Abstract representation of job market and inflation

New York, October 12, 2025

News Summary

A recent report from the Federal Reserve Bank of New York highlights increasing worries among Americans regarding job market conditions. The September survey revealed heightened unemployment expectations and a rise in short-term inflation concerns. While respondents perceived a greater likelihood of job loss in the coming year, they also believed they could find new work within three months if displaced. Despite mixed views on current financial situations, households showed optimism about their short-term ability to navigate employment changes.


New York — Americans showed heightened concern regarding future job market conditions in September, according to a report from the Federal Reserve Bank of New York that found rising unemployment expectations and increased short-term inflation worries.

Top takeaways

The September New York Fed survey found that respondents perceived a higher probability of job loss over the next year while also reporting a better short-term ability to find new work if displaced.

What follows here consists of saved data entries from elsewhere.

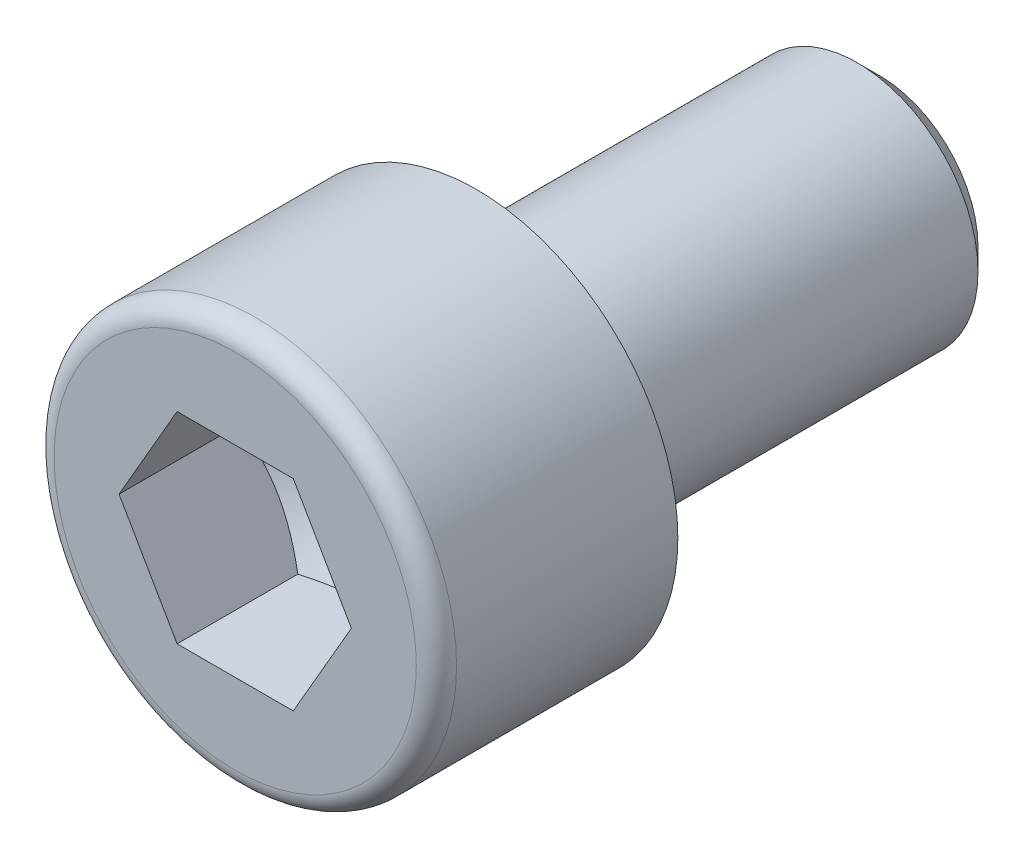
ISO-10303-21;
HEADER;
FILE_DESCRIPTION(('STEP AP214'),'2;1');
FILE_NAME('part.step','',(''),(''),'','','');
FILE_SCHEMA(('AUTOMOTIVE_DESIGN { 1 0 10303 214 1 1 1 1 }'));
ENDSEC;
DATA;
#1=APPLICATION_CONTEXT('core data for automotive mechanical design processes');
#2=APPLICATION_PROTOCOL_DEFINITION('international standard','automotive_design',2000,#1);
#3=PRODUCT_CONTEXT('',#1,'mechanical');
#4=PRODUCT('Part','Part','',(#3));
#5=PRODUCT_RELATED_PRODUCT_CATEGORY('part','',(#4));
#6=PRODUCT_DEFINITION_FORMATION('','',#4);
#7=PRODUCT_DEFINITION_CONTEXT('part definition',#1,'design');
#8=PRODUCT_DEFINITION('design','',#6,#7);
#9=PRODUCT_DEFINITION_SHAPE('','',#8);
#10=(LENGTH_UNIT() NAMED_UNIT(*) SI_UNIT(.MILLI.,.METRE.));
#11=(NAMED_UNIT(*) PLANE_ANGLE_UNIT() SI_UNIT($,.RADIAN.));
#12=(NAMED_UNIT(*) SI_UNIT($,.STERADIAN.) SOLID_ANGLE_UNIT());
#13=UNCERTAINTY_MEASURE_WITH_UNIT(LENGTH_MEASURE(1.E-05),#10,'distance_accuracy_value','');
#14=(GEOMETRIC_REPRESENTATION_CONTEXT(3) GLOBAL_UNCERTAINTY_ASSIGNED_CONTEXT((#13)) GLOBAL_UNIT_ASSIGNED_CONTEXT((#10,
#11,#12)) REPRESENTATION_CONTEXT('',''));
#15=CARTESIAN_POINT('',(0.,0.,0.));
#16=DIRECTION('',(0.,0.,1.));
#17=DIRECTION('',(1.,0.,0.));
#18=AXIS2_PLACEMENT_3D('',#15,#16,#17);
#19=CARTESIAN_POINT('',(0.,0.,6.));
#20=DIRECTION('',(0.,0.,1.));
#21=DIRECTION('',(1.,0.,0.));
#22=AXIS2_PLACEMENT_3D('',#19,#20,#21);
#23=PLANE('',#22);
#24=CARTESIAN_POINT('',(0.,0.,6.));
#25=DIRECTION('',(0.,0.,1.));
#26=DIRECTION('',(1.,0.,0.));
#27=AXIS2_PLACEMENT_3D('',#24,#25,#26);
#28=CIRCLE('',#27,4.5);
#29=CARTESIAN_POINT('',(4.5,0.,6.));
#30=VERTEX_POINT('',#29);
#31=EDGE_CURVE('E11',#30,#30,#28,.T.);
#32=ORIENTED_EDGE('',*,*,#31,.T.);
#33=EDGE_LOOP('',(#32));
#34=FACE_BOUND('',#33,.T.);
#35=DIRECTION('',(1.,0.,0.));
#36=VECTOR('',#35,1.);
#37=CARTESIAN_POINT('',(-1.44337499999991,2.49999883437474,6.));
#38=LINE('',#37,#36);
#39=CARTESIAN_POINT('',(-1.44337499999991,2.49999883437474,6.));
#40=VERTEX_POINT('',#39);
#41=CARTESIAN_POINT('',(1.44337500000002,2.49999883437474,5.99999999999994));
#42=VERTEX_POINT('',#41);
#43=EDGE_CURVE('E92',#40,#42,#38,.T.);
#44=ORIENTED_EDGE('',*,*,#43,.T.);
#45=DIRECTION('',(0.500000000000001,-0.866025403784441,0.));
#46=VECTOR('',#45,1.);
#47=CARTESIAN_POINT('',(1.44337500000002,2.49999883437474,5.99999999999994));
#48=LINE('',#47,#46);
#49=CARTESIAN_POINT('',(2.88675000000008,0.,6.));
#50=VERTEX_POINT('',#49);
#51=EDGE_CURVE('E31',#42,#50,#48,.T.);
#52=ORIENTED_EDGE('',*,*,#51,.T.);
#53=DIRECTION('',(-0.5,-0.866025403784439,0.));
#54=VECTOR('',#53,1.);
#55=CARTESIAN_POINT('',(2.88675000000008,0.,6.));
#56=LINE('',#55,#54);
#57=CARTESIAN_POINT('',(1.44337500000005,-2.49999883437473,5.99999999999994));
#58=VERTEX_POINT('',#57);
#59=EDGE_CURVE('E172',#50,#58,#56,.T.);
#60=ORIENTED_EDGE('',*,*,#59,.T.);
#61=DIRECTION('',(-1.,0.,0.));
#62=VECTOR('',#61,1.);
#63=CARTESIAN_POINT('',(1.44337500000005,-2.49999883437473,5.99999999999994));
#64=LINE('',#63,#62);
#65=CARTESIAN_POINT('',(-1.44337500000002,-2.49999883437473,6.));
#66=VERTEX_POINT('',#65);
#67=EDGE_CURVE('E168',#58,#66,#64,.T.);
#68=ORIENTED_EDGE('',*,*,#67,.T.);
#69=DIRECTION('',(-0.500000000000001,0.866025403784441,0.));
#70=VECTOR('',#69,1.);
#71=CARTESIAN_POINT('',(-1.44337500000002,-2.49999883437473,6.));
#72=LINE('',#71,#70);
#73=CARTESIAN_POINT('',(-2.88674999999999,0.,5.99999999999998));
#74=VERTEX_POINT('',#73);
#75=EDGE_CURVE('E163',#66,#74,#72,.T.);
#76=ORIENTED_EDGE('',*,*,#75,.T.);
#77=DIRECTION('',(0.5,0.866025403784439,0.));
#78=VECTOR('',#77,1.);
#79=CARTESIAN_POINT('',(-2.88674999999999,0.,5.99999999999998));
#80=LINE('',#79,#78);
#81=EDGE_CURVE('E96',#74,#40,#80,.T.);
#82=ORIENTED_EDGE('',*,*,#81,.T.);
#83=EDGE_LOOP('',(#44,#52,#60,#68,#76,#82));
#84=FACE_BOUND('',#83,.T.);
#85=ADVANCED_FACE('F17',(#34,#84),#23,.T.);
#86=CARTESIAN_POINT('',(0.,0.,5.5));
#87=DIRECTION('',(0.,0.,1.));
#88=DIRECTION('',(1.,0.,0.));
#89=AXIS2_PLACEMENT_3D('',#86,#87,#88);
#90=TOROIDAL_SURFACE('',#89,4.5,0.5);
#91=ORIENTED_EDGE('',*,*,#31,.F.);
#92=EDGE_LOOP('',(#91));
#93=FACE_BOUND('',#92,.T.);
#94=CARTESIAN_POINT('',(0.,0.,5.5));
#95=DIRECTION('',(0.,0.,1.));
#96=DIRECTION('',(1.,0.,0.));
#97=AXIS2_PLACEMENT_3D('',#94,#95,#96);
#98=CIRCLE('',#97,5.);
#99=CARTESIAN_POINT('',(5.00000000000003,0.,5.5));
#100=VERTEX_POINT('',#99);
#101=EDGE_CURVE('E24',#100,#100,#98,.T.);
#102=ORIENTED_EDGE('',*,*,#101,.T.);
#103=EDGE_LOOP('',(#102));
#104=FACE_BOUND('',#103,.T.);
#105=ADVANCED_FACE('F133',(#93,#104),#90,.T.);
#106=CARTESIAN_POINT('',(0.,0.,6.));
#107=DIRECTION('',(0.,0.,1.));
#108=DIRECTION('',(1.,0.,0.));
#109=AXIS2_PLACEMENT_3D('',#106,#107,#108);
#110=CYLINDRICAL_SURFACE('',#109,5.);
#111=CARTESIAN_POINT('',(0.,0.,0.));
#112=DIRECTION('',(0.,0.,1.));
#113=DIRECTION('',(1.,0.,0.));
#114=AXIS2_PLACEMENT_3D('',#111,#112,#113);
#115=CIRCLE('',#114,5.);
#116=CARTESIAN_POINT('',(5.,0.,0.));
#117=VERTEX_POINT('',#116);
#118=EDGE_CURVE('E128',#117,#117,#115,.T.);
#119=ORIENTED_EDGE('',*,*,#118,.T.);
#120=EDGE_LOOP('',(#119));
#121=FACE_BOUND('',#120,.T.);
#122=ORIENTED_EDGE('',*,*,#101,.F.);
#123=EDGE_LOOP('',(#122));
#124=FACE_BOUND('',#123,.T.);
#125=ADVANCED_FACE('F135',(#121,#124),#110,.T.);
#126=CARTESIAN_POINT('',(0.,5.00000000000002,0.));
#127=DIRECTION('',(0.,0.,-1.));
#128=DIRECTION('',(-1.,0.,0.));
#129=AXIS2_PLACEMENT_3D('',#126,#127,#128);
#130=PLANE('',#129);
#131=CARTESIAN_POINT('',(0.,0.,0.));
#132=DIRECTION('',(0.,0.,1.));
#133=DIRECTION('',(1.,0.,0.));
#134=AXIS2_PLACEMENT_3D('',#131,#132,#133);
#135=CIRCLE('',#134,3.3);
#136=CARTESIAN_POINT('',(3.3,0.,0.));
#137=VERTEX_POINT('',#136);
#138=EDGE_CURVE('E125',#137,#137,#135,.T.);
#139=ORIENTED_EDGE('',*,*,#138,.T.);
#140=EDGE_LOOP('',(#139));
#141=FACE_BOUND('',#140,.T.);
#142=ORIENTED_EDGE('',*,*,#118,.F.);
#143=EDGE_LOOP('',(#142));
#144=FACE_BOUND('',#143,.T.);
#145=ADVANCED_FACE('F137',(#141,#144),#130,.T.);
#146=CARTESIAN_POINT('',(0.,0.,-0.300000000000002));
#147=DIRECTION('',(0.,0.,1.));
#148=DIRECTION('',(1.,0.,0.));
#149=AXIS2_PLACEMENT_3D('',#146,#147,#148);
#150=TOROIDAL_SURFACE('',#149,3.3,0.3);
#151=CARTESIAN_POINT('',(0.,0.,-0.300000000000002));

The survey showed an increase in one-year inflation expectations and steady longer-run inflation expectations, and households reported mixed views on current and future finances.

Key findings from the September survey

  • Americans showed heightened concern regarding future job market conditions in September.
  • The Federal Reserve Bank of New York released a report indicating a rise in unemployment expectations compared to August.
  • Respondents perceived a higher probability of job loss over the next year.
  • There is a belief among respondents of improved chances to find new employment within three months in case of job loss.
  • Households reported a more favorable view of their current financial situations but slightly downgraded their future financial outlook.
  • Future spending expectations decreased among households, reflecting mixed perceptions of future earnings and income levels.
  • Expected inflation for one year ahead increased to 3.4% from 3.2% in August.
  • Three-year-ahead expected inflation remained steady at 3%.
  • Five-year-ahead expected inflation also held at 3%, slightly up from 2.9% the previous month.
  • The Federal Reserve’s target inflation rate is 2%, and actual inflation has been above this target for several years.
  • Year-ahead food price expectations reached their highest level since March 2023.
  • The report was based on survey responses from September, prior to the government shutdown.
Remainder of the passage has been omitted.